■ Exercise objective
Setting pictures aside, output exactly the lines from the start of the records to the line with "35.71,5.84 11.83,17.76 z0:3", that line included.

■ Listed entries
- Opening Delimiter -
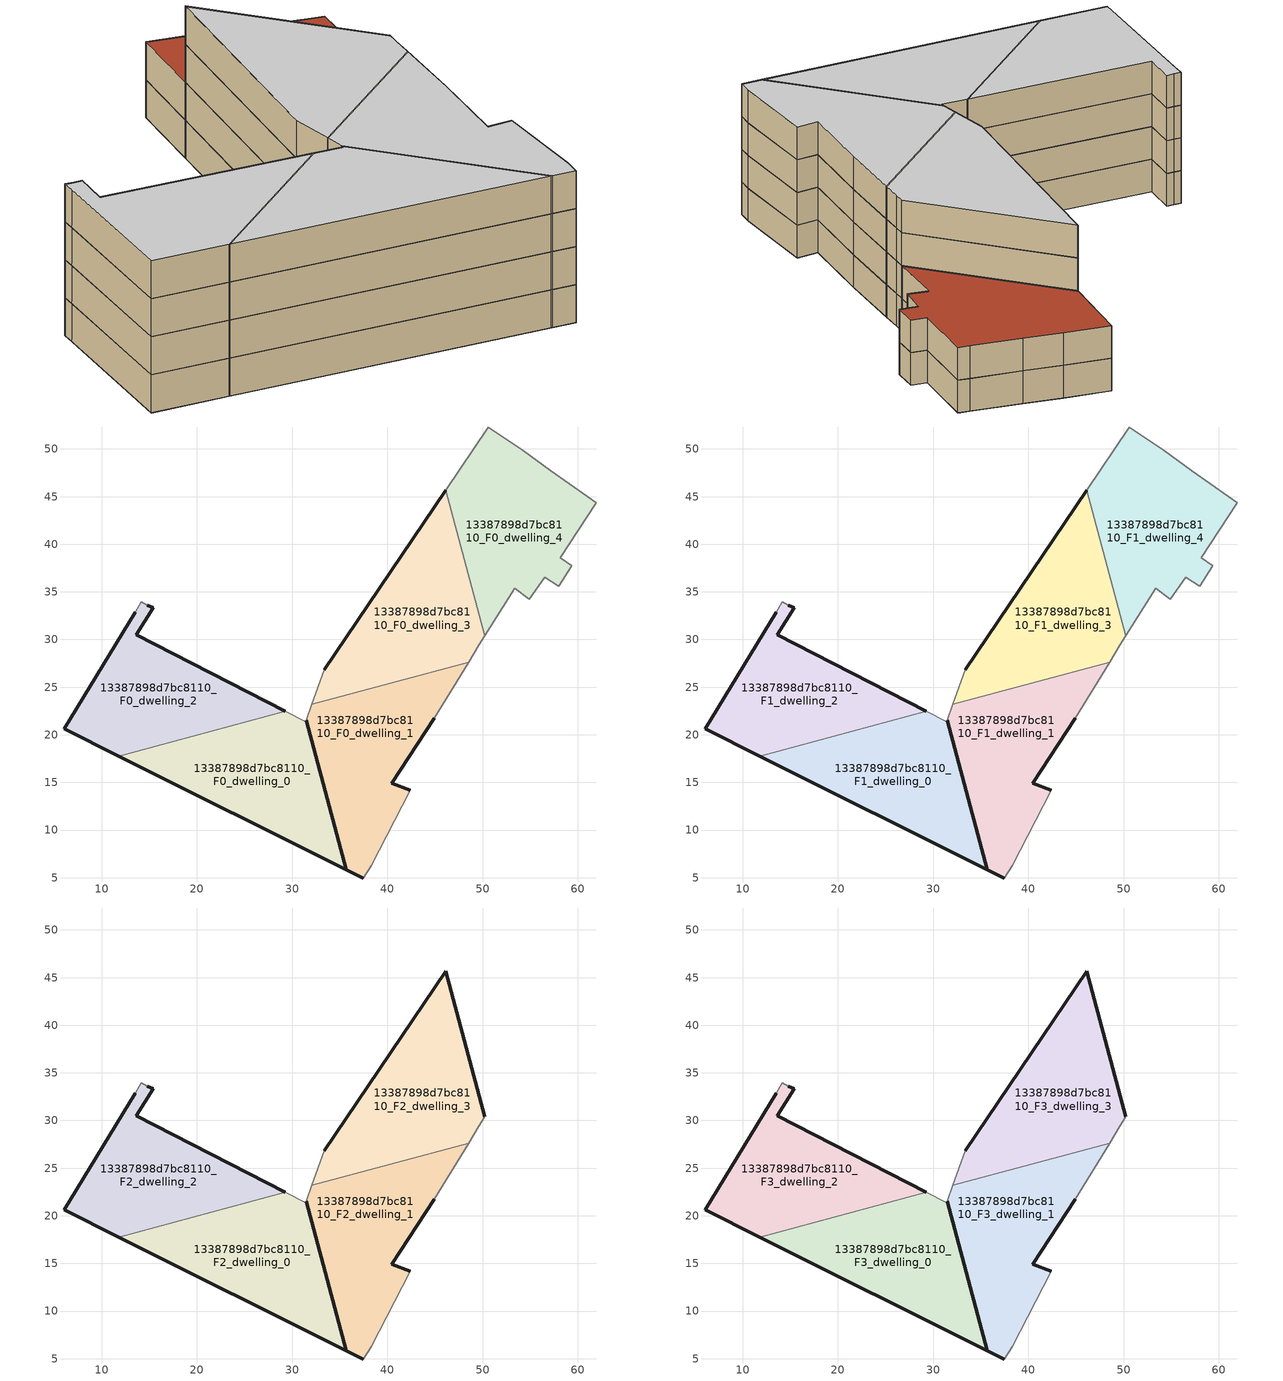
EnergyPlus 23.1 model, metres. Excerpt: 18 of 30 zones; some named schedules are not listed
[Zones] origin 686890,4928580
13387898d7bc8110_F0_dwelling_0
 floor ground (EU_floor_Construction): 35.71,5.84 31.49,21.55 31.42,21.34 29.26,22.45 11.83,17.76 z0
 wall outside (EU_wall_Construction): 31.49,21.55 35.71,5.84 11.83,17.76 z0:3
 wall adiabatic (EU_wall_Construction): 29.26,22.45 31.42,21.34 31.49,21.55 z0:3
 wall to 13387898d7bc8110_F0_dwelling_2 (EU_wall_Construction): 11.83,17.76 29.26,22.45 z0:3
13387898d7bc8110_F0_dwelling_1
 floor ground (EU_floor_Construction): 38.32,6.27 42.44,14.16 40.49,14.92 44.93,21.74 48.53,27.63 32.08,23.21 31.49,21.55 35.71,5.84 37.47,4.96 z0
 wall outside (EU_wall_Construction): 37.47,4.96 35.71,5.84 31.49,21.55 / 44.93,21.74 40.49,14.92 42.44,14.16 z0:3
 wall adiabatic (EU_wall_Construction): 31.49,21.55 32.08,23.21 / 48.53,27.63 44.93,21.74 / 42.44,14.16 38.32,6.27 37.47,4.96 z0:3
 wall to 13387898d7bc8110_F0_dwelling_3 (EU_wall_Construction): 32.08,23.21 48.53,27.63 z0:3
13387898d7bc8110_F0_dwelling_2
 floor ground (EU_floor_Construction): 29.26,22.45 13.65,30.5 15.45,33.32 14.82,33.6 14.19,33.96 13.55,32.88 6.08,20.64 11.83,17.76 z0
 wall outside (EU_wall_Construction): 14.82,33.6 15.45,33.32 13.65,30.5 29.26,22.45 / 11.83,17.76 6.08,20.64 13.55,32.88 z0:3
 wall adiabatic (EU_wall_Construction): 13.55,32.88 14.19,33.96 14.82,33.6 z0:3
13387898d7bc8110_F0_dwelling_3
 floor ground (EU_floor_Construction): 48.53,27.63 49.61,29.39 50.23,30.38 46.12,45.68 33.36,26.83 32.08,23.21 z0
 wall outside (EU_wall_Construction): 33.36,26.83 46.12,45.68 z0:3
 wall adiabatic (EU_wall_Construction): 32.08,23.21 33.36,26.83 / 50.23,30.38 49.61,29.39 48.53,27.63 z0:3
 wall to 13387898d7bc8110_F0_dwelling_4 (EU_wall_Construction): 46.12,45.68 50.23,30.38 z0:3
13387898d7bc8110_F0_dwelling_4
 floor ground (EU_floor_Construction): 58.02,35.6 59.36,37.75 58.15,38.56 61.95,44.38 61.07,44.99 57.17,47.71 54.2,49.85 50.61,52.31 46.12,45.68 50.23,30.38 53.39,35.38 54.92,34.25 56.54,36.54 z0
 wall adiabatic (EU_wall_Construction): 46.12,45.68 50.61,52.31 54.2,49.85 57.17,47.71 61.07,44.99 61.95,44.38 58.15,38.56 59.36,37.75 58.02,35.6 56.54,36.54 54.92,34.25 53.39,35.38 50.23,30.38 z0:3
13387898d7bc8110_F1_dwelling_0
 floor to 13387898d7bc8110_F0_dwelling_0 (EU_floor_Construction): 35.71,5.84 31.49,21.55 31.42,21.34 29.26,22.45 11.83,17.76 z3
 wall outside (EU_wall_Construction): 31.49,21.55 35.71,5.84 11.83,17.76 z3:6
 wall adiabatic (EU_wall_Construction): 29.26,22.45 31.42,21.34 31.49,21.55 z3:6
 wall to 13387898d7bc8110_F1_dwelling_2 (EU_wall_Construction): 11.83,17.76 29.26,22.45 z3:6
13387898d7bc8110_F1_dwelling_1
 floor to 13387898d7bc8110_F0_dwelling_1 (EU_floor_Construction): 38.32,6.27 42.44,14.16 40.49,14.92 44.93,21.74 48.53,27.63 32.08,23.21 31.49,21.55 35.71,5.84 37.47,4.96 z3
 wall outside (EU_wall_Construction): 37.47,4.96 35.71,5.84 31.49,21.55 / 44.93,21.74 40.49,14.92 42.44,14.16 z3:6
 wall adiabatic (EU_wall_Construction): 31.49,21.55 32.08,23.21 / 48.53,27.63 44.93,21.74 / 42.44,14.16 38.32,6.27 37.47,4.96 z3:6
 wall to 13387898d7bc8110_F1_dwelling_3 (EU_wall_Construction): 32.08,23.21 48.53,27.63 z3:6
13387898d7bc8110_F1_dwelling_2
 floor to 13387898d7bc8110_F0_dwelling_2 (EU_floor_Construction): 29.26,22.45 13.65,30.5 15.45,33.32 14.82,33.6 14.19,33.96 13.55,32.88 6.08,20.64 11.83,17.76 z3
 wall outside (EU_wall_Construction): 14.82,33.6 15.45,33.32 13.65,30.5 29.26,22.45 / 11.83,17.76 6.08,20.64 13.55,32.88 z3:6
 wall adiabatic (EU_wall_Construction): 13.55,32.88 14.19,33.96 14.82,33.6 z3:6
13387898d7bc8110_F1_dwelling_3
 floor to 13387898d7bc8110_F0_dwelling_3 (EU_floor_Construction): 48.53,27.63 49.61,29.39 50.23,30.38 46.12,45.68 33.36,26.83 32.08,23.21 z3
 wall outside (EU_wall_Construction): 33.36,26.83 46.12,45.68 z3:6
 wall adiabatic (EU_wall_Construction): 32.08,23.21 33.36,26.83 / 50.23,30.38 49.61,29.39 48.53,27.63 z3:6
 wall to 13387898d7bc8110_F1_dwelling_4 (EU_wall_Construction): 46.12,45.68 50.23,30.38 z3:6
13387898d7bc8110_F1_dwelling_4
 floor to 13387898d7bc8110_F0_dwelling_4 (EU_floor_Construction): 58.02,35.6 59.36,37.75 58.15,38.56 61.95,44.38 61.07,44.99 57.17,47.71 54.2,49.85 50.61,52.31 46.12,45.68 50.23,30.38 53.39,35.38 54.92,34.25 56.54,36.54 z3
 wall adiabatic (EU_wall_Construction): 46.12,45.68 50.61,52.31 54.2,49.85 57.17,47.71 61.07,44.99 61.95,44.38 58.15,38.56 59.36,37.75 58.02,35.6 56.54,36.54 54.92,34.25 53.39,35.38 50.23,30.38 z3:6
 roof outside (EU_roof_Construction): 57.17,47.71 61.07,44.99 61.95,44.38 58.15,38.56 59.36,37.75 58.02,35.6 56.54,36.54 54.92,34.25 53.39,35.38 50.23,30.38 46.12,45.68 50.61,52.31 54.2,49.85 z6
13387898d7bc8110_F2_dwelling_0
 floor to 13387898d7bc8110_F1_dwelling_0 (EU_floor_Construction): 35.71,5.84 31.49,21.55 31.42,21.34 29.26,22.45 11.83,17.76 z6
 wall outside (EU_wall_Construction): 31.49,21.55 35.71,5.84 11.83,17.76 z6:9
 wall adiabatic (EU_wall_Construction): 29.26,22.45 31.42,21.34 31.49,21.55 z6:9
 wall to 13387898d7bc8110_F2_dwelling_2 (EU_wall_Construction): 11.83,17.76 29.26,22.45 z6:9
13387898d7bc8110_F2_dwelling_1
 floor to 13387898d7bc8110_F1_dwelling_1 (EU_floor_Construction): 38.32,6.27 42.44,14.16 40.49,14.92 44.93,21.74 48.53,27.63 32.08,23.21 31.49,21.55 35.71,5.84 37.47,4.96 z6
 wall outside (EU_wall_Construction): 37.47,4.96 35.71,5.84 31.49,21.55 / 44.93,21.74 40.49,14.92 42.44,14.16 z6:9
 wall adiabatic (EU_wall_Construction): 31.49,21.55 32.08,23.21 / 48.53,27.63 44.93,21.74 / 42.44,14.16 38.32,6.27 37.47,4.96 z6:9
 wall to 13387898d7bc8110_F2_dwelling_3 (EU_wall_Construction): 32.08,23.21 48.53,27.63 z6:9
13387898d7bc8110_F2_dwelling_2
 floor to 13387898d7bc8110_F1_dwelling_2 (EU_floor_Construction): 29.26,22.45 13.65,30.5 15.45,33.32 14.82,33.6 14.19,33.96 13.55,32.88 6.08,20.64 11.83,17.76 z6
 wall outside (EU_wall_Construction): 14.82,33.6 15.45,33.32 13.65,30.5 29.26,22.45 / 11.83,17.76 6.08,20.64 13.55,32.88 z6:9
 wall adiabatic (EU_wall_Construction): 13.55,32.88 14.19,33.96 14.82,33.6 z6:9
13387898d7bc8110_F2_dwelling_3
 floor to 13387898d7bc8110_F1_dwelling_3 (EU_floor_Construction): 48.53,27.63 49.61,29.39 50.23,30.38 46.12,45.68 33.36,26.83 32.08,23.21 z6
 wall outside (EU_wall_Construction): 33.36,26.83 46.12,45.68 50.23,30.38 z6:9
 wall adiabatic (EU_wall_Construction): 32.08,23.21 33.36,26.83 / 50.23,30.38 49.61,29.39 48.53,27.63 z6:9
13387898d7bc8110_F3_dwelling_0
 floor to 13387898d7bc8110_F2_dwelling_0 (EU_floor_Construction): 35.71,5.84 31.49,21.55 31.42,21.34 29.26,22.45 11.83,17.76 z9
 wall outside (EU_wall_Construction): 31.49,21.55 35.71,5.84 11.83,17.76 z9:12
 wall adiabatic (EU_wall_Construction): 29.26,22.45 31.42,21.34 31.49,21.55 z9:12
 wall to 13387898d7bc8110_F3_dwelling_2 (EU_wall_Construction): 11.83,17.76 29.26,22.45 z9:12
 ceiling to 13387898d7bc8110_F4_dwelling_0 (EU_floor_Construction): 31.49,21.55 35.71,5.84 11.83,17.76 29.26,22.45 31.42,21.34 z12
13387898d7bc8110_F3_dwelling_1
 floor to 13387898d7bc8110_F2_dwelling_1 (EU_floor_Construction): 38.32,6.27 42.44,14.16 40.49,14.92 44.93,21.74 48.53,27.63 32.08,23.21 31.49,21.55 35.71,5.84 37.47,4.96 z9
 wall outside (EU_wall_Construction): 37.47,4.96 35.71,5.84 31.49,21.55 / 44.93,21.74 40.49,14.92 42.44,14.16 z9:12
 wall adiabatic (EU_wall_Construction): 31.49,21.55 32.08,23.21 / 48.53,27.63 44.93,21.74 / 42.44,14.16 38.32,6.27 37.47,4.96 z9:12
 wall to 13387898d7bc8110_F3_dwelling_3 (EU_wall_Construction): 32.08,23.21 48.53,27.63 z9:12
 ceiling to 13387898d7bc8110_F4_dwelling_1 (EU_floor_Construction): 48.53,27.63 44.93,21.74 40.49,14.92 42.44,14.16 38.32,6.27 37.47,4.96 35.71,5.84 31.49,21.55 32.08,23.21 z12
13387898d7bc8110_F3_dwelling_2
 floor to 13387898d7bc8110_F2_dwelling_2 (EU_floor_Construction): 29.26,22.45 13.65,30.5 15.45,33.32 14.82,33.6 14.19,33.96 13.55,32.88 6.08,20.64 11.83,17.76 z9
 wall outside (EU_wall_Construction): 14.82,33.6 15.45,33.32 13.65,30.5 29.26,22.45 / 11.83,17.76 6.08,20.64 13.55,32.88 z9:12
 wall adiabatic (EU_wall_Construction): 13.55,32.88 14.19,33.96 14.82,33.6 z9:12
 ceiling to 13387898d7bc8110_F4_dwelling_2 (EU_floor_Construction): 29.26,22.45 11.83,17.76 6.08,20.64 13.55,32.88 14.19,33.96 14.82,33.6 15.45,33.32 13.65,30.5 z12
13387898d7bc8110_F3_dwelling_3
- Closing Delimiter -
■ Result of this exercise
EnergyPlus 23.1 model, metres. Excerpt: 18 of 30 zones; some named schedules are not listed
[Zones] origin 686890,4928580
13387898d7bc8110_F0_dwelling_0
 floor ground (EU_floor_Construction): 35.71,5.84 31.49,21.55 31.42,21.34 29.26,22.45 11.83,17.76 z0
 wall outside (EU_wall_Construction): 31.49,21.55 35.71,5.84 11.83,17.76 z0:3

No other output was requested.